I am trying to use the GNU iconv
library to convert a UTF-8 encoded string to KOI8-R. My minimal example is
#include <iconv.h>
#include <stdio.h>
#include <stdlib.h>
int main() {
/* The letter П in UTF-8. */
char* buffer = "\xd0\x9f";
size_t len = 2;
/* Note: since KOI8-R is an 8-bit encoding, the buffer should only need a length of 1, but
* iconv returns -1 if the buffer is any smaller than 4 bytes,
*/
size_t len_in_koi = 4;
char* buffer_in_koi = malloc(len_in_koi+1);
/* A throwaway copy to give to iconv. */
char* buffer_in_koi_copy = buffer_in_koi;
iconv_t cd = iconv_open("UTF-8", "KOI8-R");
if (cd == (iconv_t) -1) {
fputs("Error while initializing iconv_t handle.\n", stderr);
return 2;
}
if (iconv(cd, &buffer, &len, &buffer_in_koi_copy, &len_in_koi) != (size_t) -1) {
/* Expecting f0 but get d0. */
printf("Conversion successful!

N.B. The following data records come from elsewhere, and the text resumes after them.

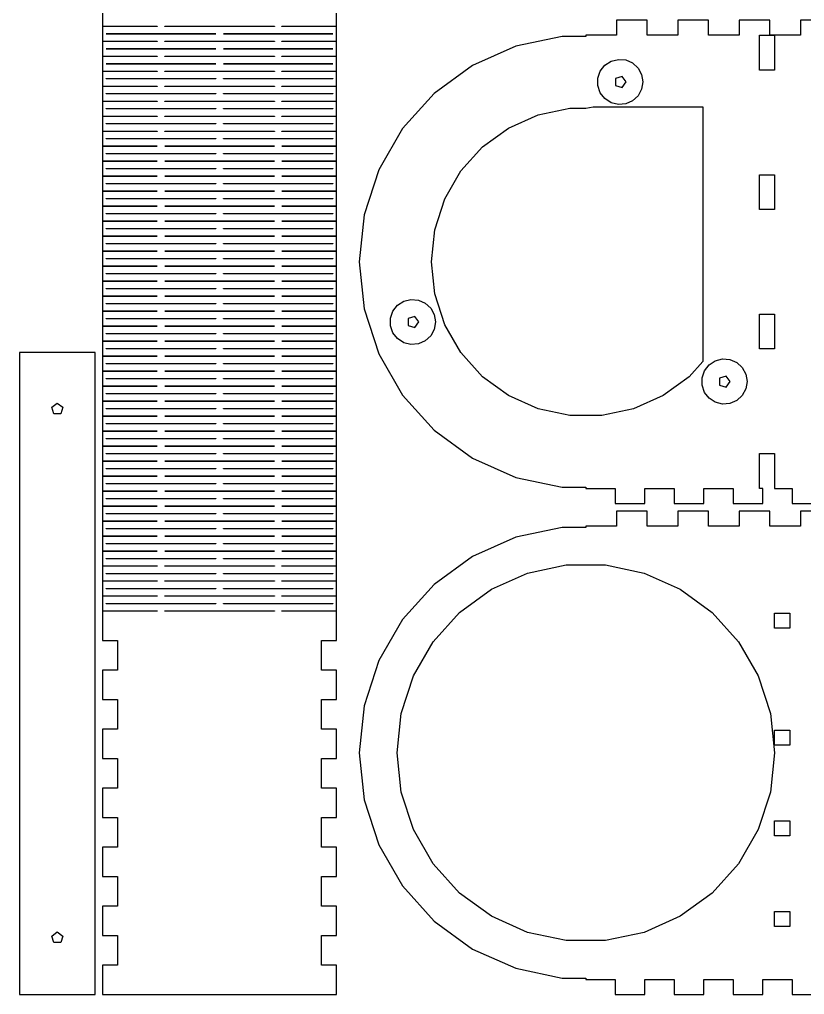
# Model space of a CAD drawing. Header units: metres. Extents: x -86 to 563, y 0 to 788.
# Drawn here: x -86 to 121.9, y 0 to 258.2 of the extents above; entities that cross this region are included whole.
import ezdxf

# ---------------------------------------------------------------- set-up
doc = ezdxf.new("R2010")
doc.units = ezdxf.units.M

msp = doc.modelspace()

# ---------------------------------------------------------------- linework, layer by layer
for p, q in [((-64, 260.318), (-64, 256.397)), ((-2, 256.397), (-2, 260.318)), ((-64, 256.397), (-49.5, 256.397)), ((-49.5, 256.347), (-64, 256.347)), ((-64, 256.347), (-64, 252.427)), ((-49.5, 256.397), (-49.5, 256.347)), ((-47.5, 256.347), (-47.5, 256.397)), ((-47.5, 256.397), (-18.5, 256.397)), ((-18.5, 256.347), (-47.5, 256.347)), ((-18.5, 256.397), (-18.5, 256.347)), ((-16.5, 256.347), (-16.5, 256.397)), ((-16.5, 256.397), (-2, 256.397)), ((-2, 256.347), (-16.5, 256.347)), ((-2, 252.427), (-2, 256.347)), ((80.24, 258), (72.12, 258)), ((72.12, 258), (72.12, 254)), ((80.24, 254), (80.24, 258)), ((96.48, 258), (88.36, 258)), ((88.36, 258), (88.36, 254)), ((96.48, 254), (96.48, 258)), ((112.72, 258), (104.6, 258)), ((104.6, 258), (104.6, 254)), ((112.72, 254), (112.72, 258)), ((128.96, 258), (120.84, 258)), ((120.84, 258), (120.84, 254)), ((-63, 254.362), (-63, 254.412)), ((-63, 254.412), (-34, 254.412)), ((-34, 254.362), (-63, 254.362)), ((-34, 254.412), (-34, 254.362)), ((-32, 254.362), (-32, 254.412)), ((-32, 254.412), (-3, 254.412)), ((-3, 254.362), (-32, 254.362)), ((-3, 254.412), (-3, 254.362)), ((57.7283, 253.671), (45.459, 251.063)), ((64, 253.671), (57.7283, 253.671)), ((72.12, 254), (64, 254)), ((64, 254), (64, 253.671)), ((88.36, 254), (80.24, 254)), ((104.6, 254), (96.48, 254)), ((110, 244.769), (110, 254)), ((110, 254), (114, 254)), ((120.84, 254), (112.72, 254)), ((114, 254), (114, 244.769)), ((-64, 252.427), (-49.5, 252.427)), ((-49.5, 252.377), (-64, 252.377)), ((-64, 252.377), (-64, 248.456)), ((-63, 250.391), (-63, 250.441)), ((-63, 250.441), (-34, 250.441)), ((-49.5, 252.427), (-49.5, 252.377)), ((-47.5, 252.377), (-47.5, 252.427)), ((-47.5, 252.427), (-18.5, 252.427)), ((-18.5, 252.377), (-47.5, 252.377)), ((-34, 250.441), (-34, 250.391)), ((-32, 250.391), (-32, 250.441)), ((-32, 250.441), (-3, 250.441)), ((-18.5, 252.427), (-18.5, 252.377)), ((-16.5, 252.377), (-16.5, 252.427)), ((-16.5, 252.427), (-2, 252.427)), ((-2, 252.377), (-16.5, 252.377)), ((-3, 250.441), (-3, 250.391)), ((-2, 248.456), (-2, 252.377)), ((45.459, 251.063), (34, 245.962)), ((-64, 248.456), (-49.5, 248.456)), ((-49.5, 248.406), (-64, 248.406)), ((-64, 248.406), (-64, 244.486)), ((-34, 250.391), (-63, 250.391)), ((-49.5, 248.456), (-49.5, 248.406)), ((-47.5, 248.406), (-47.5, 248.456)), ((-47.5, 248.456), (-18.5, 248.456)), ((-18.5, 248.406), (-47.5, 248.406)), ((-3, 250.391), (-32, 250.391)), ((-18.5, 248.456), (-18.5, 248.406)), ((-16.5, 248.406), (-16.5, 248.456)), ((-16.5, 248.456), (-2, 248.456)), ((-2, 248.406), (-16.5, 248.406)), ((-2, 244.486), (-2, 248.406)), ((-63, 246.421), (-63, 246.471)), ((-63, 246.471), (-34, 246.471)), ((-34, 246.421), (-63, 246.421)), ((-34, 246.471), (-34, 246.421)), ((-32, 246.421), (-32, 246.471)), ((-32, 246.471), (-3, 246.471)), ((-3, 246.421), (-32, 246.421)), ((-3, 246.471), (-3, 246.421)), ((34, 245.962), (23.8522, 238.589)), ((67.8326, 244.493), (69.0457, 246.051)), ((69.0457, 246.051), (70.6992, 247.131)), ((70.6992, 247.131), (72.6139, 247.616)), ((72.6139, 247.616), (74.5823, 247.453)), ((74.5823, 247.453), (76.3911, 246.66)), ((76.3911, 246.66), (77.8443, 245.322)), ((77.8443, 245.322), (78.7843, 243.585)), ((-64, 244.486), (-49.5, 244.486)), ((-49.5, 244.436), (-64, 244.436)), ((-64, 244.436), (-64, 240.515)), ((-49.5, 244.486), (-49.5, 244.436)), ((-47.5, 244.436), (-47.5, 244.486)), ((-47.5, 244.486), (-18.5, 244.486)), ((-18.5, 244.436), (-47.5, 244.436)), ((-18.5, 244.486), (-18.5, 244.436)), ((-16.5, 244.436), (-16.5, 244.486)), ((-16.5, 244.486), (-2, 244.486)), ((-2, 244.436), (-16.5, 244.436)), ((-2, 240.515), (-2, 244.436)), ((67.1913, 242.624), (67.8326, 244.493)), ((73.5884, 243.111), (71.8554, 242.548)), ((74.6594, 241.637), (73.5884, 243.111)), ((78.7843, 243.585), (79.1094, 241.637)), ((114, 244.769), (110, 244.769)), ((-64, 240.515), (-49.5, 240.515)), ((-49.5, 240.465), (-64, 240.465)), ((-64, 240.465), (-64, 236.545)), ((-63, 242.451), (-63, 242.501)), ((-63, 242.501), (-34, 242.501)), ((-34, 242.451), (-63, 242.451)), ((-49.5, 240.515), (-49.5, 240.465)), ((-47.5, 240.465), (-47.5, 240.515)), ((-47.5, 240.515), (-18.5, 240.515)), ((-18.5, 240.465), (-47.5, 240.465)), ((-34, 242.501), (-34, 242.451)), ((-32, 242.451), (-32, 242.501)), ((-32, 242.501), (-3, 242.501)), ((-3, 242.451), (-32, 242.451)), ((-18.5, 240.515), (-18.5, 240.465)), ((-16.5, 240.465), (-16.5, 240.515)), ((-16.5, 240.515), (-2, 240.515)), ((-2, 240.465), (-16.5, 240.465)), ((-3, 242.501), (-3, 242.451)), ((-2, 236.545), (-2, 240.465)), ((67.1913, 240.649), (67.1913, 242.624)), ((67.8326, 238.781), (67.1913, 240.649)), ((71.8554, 242.548), (71.8554, 240.726)), ((71.8554, 240.726), (73.5884, 240.163)), ((73.5884, 240.163), (74.6594, 241.637)), ((79.1094, 241.637), (78.7843, 239.689)), ((-63, 238.48), (-63, 238.53)), ((-63, 238.53), (-34, 238.53)), ((-34, 238.48), (-63, 238.48)), ((-34, 238.53), (-34, 238.48)), ((-32, 238.48), (-32, 238.53)), ((-32, 238.53), (-3, 238.53)), ((-3, 238.48), (-32, 238.48)), ((-3, 238.53), (-3, 238.48)), ((23.8522, 238.589), (15.459, 229.267)), ((69.0457, 237.222), (67.8326, 238.781)), ((77.8443, 237.952), (76.3911, 236.614)), ((78.7843, 239.689), (77.8443, 237.952)), ((-64, 236.545), (-49.5, 236.545)), ((-49.5, 236.495), (-64, 236.495)), ((-64, 236.495), (-64, 232.574)), ((-49.5, 236.545), (-49.5, 236.495)), ((-47.5, 236.495), (-47.5, 236.545)), ((-47.5, 236.545), (-18.5, 236.545)), ((-18.5, 236.495), (-47.5, 236.495)), ((-18.5, 236.545), (-18.5, 236.495)), ((-16.5, 236.495), (-16.5, 236.545)), ((-16.5, 236.545), (-2, 236.545)), ((-2, 236.495), (-16.5, 236.495)), ((-2, 232.574), (-2, 236.495)), ((64, 234.693), (65.9369, 235)), ((65.9369, 235), (95, 235)), ((70.6992, 236.142), (69.0457, 237.222)), ((72.6139, 235.657), (70.6992, 236.142)), ((74.5823, 235.82), (72.6139, 235.657)), ((76.3911, 236.614), (74.5823, 235.82)), ((95, 235), (95, 167.614)), ((-64, 232.574), (-49.5, 232.574)), ((-49.5, 232.524), (-64, 232.524)), ((-64, 232.524), (-64, 228.604)), ((-63, 234.51), (-63, 234.56)), ((-63, 234.56), (-34, 234.56)), ((-34, 234.51), (-63, 234.51)), ((-49.5, 232.574), (-49.5, 232.524)), ((-47.5, 232.524), (-47.5, 232.574)), ((-47.5, 232.574), (-18.5, 232.574)), ((-18.5, 232.524), (-47.5, 232.524)), ((-34, 234.56), (-34, 234.51)), ((-32, 234.51), (-32, 234.56)), ((-32, 234.56), (-3, 234.56)), ((-3, 234.51), (-32, 234.51)), ((-18.5, 232.574), (-18.5, 232.524)), ((-16.5, 232.524), (-16.5, 232.574)), ((-16.5, 232.574), (-2, 232.574)), ((-2, 232.524), (-16.5, 232.524)), ((-3, 234.56), (-3, 234.51)), ((-2, 228.604), (-2, 232.524)), ((43.5413, 229.435), (51.3558, 232.915)), ((51.3558, 232.915), (59.7229, 234.693)), ((59.7229, 234.693), (64, 234.693)), ((-63, 230.539), (-63, 230.589)), ((-63, 230.589), (-34, 230.589)), ((-34, 230.539), (-63, 230.539)), ((-34, 230.589), (-34, 230.539)), ((-32, 230.539), (-32, 230.589)), ((-32, 230.589), (-3, 230.589)), ((-3, 230.539), (-32, 230.539)), ((-3, 230.589), (-3, 230.539)), ((-64, 228.604), (-49.5, 228.604)), ((-49.5, 228.554), (-64, 228.554)), ((-64, 228.554), (-64, 224.634)), ((-49.5, 228.604), (-49.5, 228.554)), ((-47.5, 228.554), (-47.5, 228.604)), ((-47.5, 228.604), (-18.5, 228.604)), ((-18.5, 228.554), (-47.5, 228.554)), ((-18.5, 228.604), (-18.5, 228.554)), ((-16.5, 228.554), (-16.5, 228.604)), ((-16.5, 228.604), (-2, 228.604)), ((-2, 228.554), (-16.5, 228.554)), ((-2, 224.634), (-2, 228.554)), ((15.459, 229.267), (9.1873, 218.404)), ((36.6209, 224.408), (43.5413, 229.435)), ((-64, 224.634), (-49.5, 224.634)), ((-63, 226.569), (-63, 226.619)), ((-63, 226.619), (-34, 226.619)), ((-34, 226.569), (-63, 226.569)), ((-49.5, 224.634), (-49.5, 224.584)), ((-47.5, 224.584), (-47.5, 224.634)), ((-47.5, 224.634), (-18.5, 224.634)), ((-34, 226.619), (-34, 226.569)), ((-32, 226.569), (-32, 226.619)), ((-32, 226.619), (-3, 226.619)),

The byte is %x.\n", (unsigned char)(*buffer_in_koi));
} else {
fputs("Error while converting buffer to KOI8-R.\n", stderr);
return 3;
}
iconv_close(cd);
free(buffer_in_koi);
return 0;
}
which (besides not working when my KOI8-R buffer is smaller than four bytes, although it should only need a single byte) incorrectly prints d0
(the correct encoding of 'П'
in KOI8-R is f0
).
iconv
gives me the correct answer from the command line (e.g., echo П | iconv -t KOI8-R | hexdump
), so what am I doing wrong in using its C interface?
You mixed up the "to" and "from" character set arguments to iconv_open
. It just so happens that the character in slot D0
in KOI8-R has D0
as the first byte of its UTF-8 encoding.